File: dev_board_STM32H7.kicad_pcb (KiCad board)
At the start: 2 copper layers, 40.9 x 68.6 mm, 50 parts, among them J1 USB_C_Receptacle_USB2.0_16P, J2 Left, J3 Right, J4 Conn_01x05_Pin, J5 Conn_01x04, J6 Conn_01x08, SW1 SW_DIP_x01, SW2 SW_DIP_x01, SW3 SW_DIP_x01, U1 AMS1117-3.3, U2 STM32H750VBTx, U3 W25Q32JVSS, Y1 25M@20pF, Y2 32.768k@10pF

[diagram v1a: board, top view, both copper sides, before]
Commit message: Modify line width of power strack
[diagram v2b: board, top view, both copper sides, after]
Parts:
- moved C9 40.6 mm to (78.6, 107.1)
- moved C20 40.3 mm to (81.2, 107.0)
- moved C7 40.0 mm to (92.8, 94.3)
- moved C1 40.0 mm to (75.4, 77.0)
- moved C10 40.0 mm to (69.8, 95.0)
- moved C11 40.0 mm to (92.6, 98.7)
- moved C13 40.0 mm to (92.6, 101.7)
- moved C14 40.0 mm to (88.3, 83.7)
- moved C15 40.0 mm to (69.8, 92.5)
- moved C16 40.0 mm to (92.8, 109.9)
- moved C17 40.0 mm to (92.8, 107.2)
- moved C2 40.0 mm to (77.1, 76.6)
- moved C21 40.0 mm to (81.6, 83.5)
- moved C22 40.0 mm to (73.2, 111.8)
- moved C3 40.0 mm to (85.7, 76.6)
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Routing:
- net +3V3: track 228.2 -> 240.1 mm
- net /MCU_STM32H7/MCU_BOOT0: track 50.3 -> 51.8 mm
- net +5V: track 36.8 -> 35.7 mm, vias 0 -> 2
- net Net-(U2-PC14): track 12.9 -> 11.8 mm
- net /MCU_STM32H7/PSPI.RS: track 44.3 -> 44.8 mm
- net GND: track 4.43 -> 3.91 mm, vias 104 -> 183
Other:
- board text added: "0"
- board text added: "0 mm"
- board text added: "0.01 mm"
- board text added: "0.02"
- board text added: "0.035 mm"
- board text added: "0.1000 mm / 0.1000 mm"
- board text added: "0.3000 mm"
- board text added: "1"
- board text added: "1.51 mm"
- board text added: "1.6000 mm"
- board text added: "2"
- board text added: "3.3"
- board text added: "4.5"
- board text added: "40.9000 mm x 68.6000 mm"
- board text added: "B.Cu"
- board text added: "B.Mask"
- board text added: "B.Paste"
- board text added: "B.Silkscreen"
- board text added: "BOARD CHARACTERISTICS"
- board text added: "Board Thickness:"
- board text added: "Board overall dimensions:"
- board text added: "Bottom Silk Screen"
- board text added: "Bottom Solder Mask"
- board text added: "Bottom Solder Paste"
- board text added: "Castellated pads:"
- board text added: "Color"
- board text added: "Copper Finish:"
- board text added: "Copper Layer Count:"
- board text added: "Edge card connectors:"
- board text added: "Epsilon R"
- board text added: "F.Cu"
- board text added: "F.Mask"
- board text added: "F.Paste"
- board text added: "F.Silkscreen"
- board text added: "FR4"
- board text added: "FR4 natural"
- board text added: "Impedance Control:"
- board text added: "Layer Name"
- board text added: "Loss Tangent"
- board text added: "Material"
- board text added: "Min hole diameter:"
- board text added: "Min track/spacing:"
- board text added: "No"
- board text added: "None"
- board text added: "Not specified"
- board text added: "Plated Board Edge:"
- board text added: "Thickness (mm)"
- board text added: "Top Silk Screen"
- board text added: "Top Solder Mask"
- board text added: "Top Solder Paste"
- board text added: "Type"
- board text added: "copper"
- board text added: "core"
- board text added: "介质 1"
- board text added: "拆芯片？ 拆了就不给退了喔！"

• _Task_:
Across the whole listing above, find every line with the string "vias" and copy it.

• _Exercise solution_:
- net +5V: track 36.8 -> 35.7 mm, vias 0 -> 2
- net GND: track 4.43 -> 3.91 mm, vias 104 -> 183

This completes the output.